You can use a PyTorch neural network as the flow-matching estimator by wrapping it with scikit-learn's RegressorMixin and BaseEstimator. This lets you mix deep learning with the same fit/predict API.

Defining a Scikit-learn-Compatible MLP

import numpy as np
import torch
import torch.nn as nn
from sklearn.base import BaseEstimator, RegressorMixin


class TorchMLPRegressor(BaseEstimator, RegressorMixin):
    """A simple MLP regressor compatible with scikit-learn's API.

    Parameters
    ----------
    hidden_dim : int
        Number of units in each hidden layer.
    n_layers : int
        Number of hidden layers.
    lr : float
        Learning rate for Adam.
    n_epochs : int
        Number of training epochs.
    batch_size : int
        Mini-batch size for training.
    """

    def __init__(
        self,
        hidden_dim=32,
        n_layers=3,
        lr=1e-3,
        n_epochs=10,
        batch_size=12,
    ):
        self.hidden_dim = hidden_dim
        self.n_layers = n_layers
        self.lr = lr
        self.n_epochs = n_epochs
        self.batch_size = batch_size

    def fit(self, X, y):
        X = torch.tensor(X, dtype=torch.float32)
        y = torch.tensor(y, dtype=torch.float32).reshape(len(y), -1)

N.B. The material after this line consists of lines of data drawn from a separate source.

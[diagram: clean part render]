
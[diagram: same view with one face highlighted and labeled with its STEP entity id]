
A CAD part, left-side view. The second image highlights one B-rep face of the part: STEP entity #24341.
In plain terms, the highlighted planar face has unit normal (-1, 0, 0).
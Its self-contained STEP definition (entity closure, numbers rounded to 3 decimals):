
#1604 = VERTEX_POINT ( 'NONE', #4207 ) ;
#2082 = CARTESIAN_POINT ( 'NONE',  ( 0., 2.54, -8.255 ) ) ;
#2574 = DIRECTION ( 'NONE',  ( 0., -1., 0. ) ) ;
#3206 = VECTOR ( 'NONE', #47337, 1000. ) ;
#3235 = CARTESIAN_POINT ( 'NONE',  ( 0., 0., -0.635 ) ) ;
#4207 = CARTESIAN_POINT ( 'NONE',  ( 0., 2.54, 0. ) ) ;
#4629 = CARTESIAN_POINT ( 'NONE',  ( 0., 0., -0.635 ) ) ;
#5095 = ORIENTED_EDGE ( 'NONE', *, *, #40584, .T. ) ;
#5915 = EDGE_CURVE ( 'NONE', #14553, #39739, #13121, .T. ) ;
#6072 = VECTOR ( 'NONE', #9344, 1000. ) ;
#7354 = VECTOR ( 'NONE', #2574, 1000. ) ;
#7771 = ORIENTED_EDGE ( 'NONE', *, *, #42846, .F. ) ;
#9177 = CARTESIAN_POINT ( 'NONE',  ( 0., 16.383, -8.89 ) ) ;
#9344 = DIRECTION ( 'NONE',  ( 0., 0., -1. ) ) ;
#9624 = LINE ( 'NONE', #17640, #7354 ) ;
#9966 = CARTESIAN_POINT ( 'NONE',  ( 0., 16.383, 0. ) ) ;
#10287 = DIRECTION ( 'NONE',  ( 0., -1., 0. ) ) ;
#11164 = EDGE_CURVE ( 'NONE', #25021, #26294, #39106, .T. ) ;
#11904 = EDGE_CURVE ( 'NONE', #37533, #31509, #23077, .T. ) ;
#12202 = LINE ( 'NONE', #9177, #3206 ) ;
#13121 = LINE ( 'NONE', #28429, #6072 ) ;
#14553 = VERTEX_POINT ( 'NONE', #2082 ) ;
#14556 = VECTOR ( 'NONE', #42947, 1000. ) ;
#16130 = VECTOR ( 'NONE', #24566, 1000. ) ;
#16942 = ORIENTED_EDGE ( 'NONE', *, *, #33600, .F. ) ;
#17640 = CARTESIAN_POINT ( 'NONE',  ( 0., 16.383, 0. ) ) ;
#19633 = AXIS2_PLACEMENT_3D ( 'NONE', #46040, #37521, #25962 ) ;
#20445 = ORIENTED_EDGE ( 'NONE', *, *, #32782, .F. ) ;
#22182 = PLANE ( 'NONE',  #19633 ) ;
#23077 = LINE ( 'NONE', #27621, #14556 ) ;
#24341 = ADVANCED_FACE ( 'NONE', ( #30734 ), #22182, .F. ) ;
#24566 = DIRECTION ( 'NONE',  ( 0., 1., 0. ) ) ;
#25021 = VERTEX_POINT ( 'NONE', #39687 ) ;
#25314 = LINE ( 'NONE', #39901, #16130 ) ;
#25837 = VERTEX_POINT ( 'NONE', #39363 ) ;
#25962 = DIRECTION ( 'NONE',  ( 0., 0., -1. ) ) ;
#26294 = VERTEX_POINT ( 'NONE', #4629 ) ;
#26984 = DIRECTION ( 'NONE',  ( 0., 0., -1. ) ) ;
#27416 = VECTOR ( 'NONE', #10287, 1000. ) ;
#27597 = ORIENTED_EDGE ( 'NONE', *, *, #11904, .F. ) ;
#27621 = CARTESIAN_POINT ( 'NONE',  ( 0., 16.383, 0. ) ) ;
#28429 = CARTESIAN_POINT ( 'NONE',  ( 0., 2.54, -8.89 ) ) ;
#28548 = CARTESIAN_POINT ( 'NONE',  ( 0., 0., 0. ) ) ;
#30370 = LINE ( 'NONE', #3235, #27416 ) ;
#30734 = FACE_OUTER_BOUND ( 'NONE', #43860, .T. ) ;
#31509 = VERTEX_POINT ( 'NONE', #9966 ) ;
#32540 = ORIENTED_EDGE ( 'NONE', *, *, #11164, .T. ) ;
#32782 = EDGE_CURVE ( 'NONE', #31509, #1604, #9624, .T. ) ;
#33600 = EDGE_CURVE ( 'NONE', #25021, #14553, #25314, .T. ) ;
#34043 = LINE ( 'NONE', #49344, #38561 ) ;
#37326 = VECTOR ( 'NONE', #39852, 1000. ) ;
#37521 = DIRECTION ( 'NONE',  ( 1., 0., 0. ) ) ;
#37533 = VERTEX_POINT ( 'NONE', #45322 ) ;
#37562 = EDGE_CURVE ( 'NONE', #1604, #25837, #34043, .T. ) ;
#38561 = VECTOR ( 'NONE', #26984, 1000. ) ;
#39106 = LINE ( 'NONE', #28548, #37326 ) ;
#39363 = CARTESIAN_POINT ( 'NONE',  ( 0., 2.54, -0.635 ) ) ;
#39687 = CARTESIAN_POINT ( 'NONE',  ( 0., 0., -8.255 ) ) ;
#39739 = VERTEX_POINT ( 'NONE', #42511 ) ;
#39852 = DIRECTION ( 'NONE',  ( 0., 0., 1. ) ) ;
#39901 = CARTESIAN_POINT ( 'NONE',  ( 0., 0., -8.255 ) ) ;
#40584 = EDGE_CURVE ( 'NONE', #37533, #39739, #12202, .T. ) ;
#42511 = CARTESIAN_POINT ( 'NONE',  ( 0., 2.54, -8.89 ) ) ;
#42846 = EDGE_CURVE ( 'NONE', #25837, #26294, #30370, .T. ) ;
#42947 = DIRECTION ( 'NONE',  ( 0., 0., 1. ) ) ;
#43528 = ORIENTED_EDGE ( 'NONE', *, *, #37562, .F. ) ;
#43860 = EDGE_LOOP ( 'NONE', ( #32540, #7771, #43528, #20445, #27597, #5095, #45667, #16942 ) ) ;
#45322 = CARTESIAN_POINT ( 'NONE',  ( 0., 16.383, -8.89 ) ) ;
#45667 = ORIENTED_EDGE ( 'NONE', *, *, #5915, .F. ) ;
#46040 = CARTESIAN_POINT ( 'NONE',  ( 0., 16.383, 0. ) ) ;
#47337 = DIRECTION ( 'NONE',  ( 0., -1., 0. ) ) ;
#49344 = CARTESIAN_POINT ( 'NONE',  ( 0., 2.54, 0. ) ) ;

        n_in, n_out = X.shape[1], y.shape[1]

        # build MLP
        layers = [nn.Linear(n_in, self.hidden_dim), nn.ReLU()]
        for _ in range(self.n_layers - 1):
            layers += [nn.Linear(self.hidden_dim, self.hidden_dim), nn.ReLU()]
        layers.append(nn.Linear(self.hidden_dim, n_out))
        self.model_ = nn.Sequential(*layers)

        optimizer = torch.optim.Adam(self.model_.parameters(), lr=self.lr)
        dataset = torch.utils.data.TensorDataset(X, y)
        loader = torch.utils.data.DataLoader(
            dataset, batch_size=self.batch_size, shuffle=True,
        )

        self.model_.train()
        for _ in range(self.n_epochs):
            for xb, yb in loader:
                loss = nn.functional.mse_loss(self.model_(xb), yb)
                optimizer.zero_grad()
                loss.backward()
                optimizer.step()

        return self

    def predict(self, X):
        self.model_.eval()
        X = torch.tensor(X, dtype=torch.float32)
        with torch.no_grad():
            return self.model_(X).numpy()

Using It with FlowMatchingBDT

from sklearn.datasets import make_moons
from flowmatching_bdt import FlowMatchingBDT

data, _ = make_moons(n_samples=500, noise=0.05, random_state=0)

model = FlowMatchingBDT(
    estimator=TorchMLPRegressor(hidden_dim=32, n_epochs=10),
    multi_output=True,  # skip MultiOutputRegressor wrapper
    n_flow_steps=50,
    n_duplicates=10,
)
model.fit(data)
samples = model.predict(num_samples=500)

Why This Works

The key ingredients that make any estimator compatible with FlowMatchingBDT are:

Inherit from BaseEstimator and RegressorMixin — this gives you get_params/set_params for free, which sklearn.base.clone needs to create fresh copies at each flow step.
Store all constructor arguments as attributes — BaseEstimator inspects __init__ parameters to implement cloning. Every __init__ argument must be stored as self.<name> with the exact same name.
Implement fit(X, y) and predict(X) — the standard scikit-learn interface.

Tip

Setting multi_output=True tells FlowMatchingBDT to use your estimator directly instead of wrapping it in MultiOutputRegressor. This is the right choice for neural networks and any other estimator that natively handles multi-dimensional output.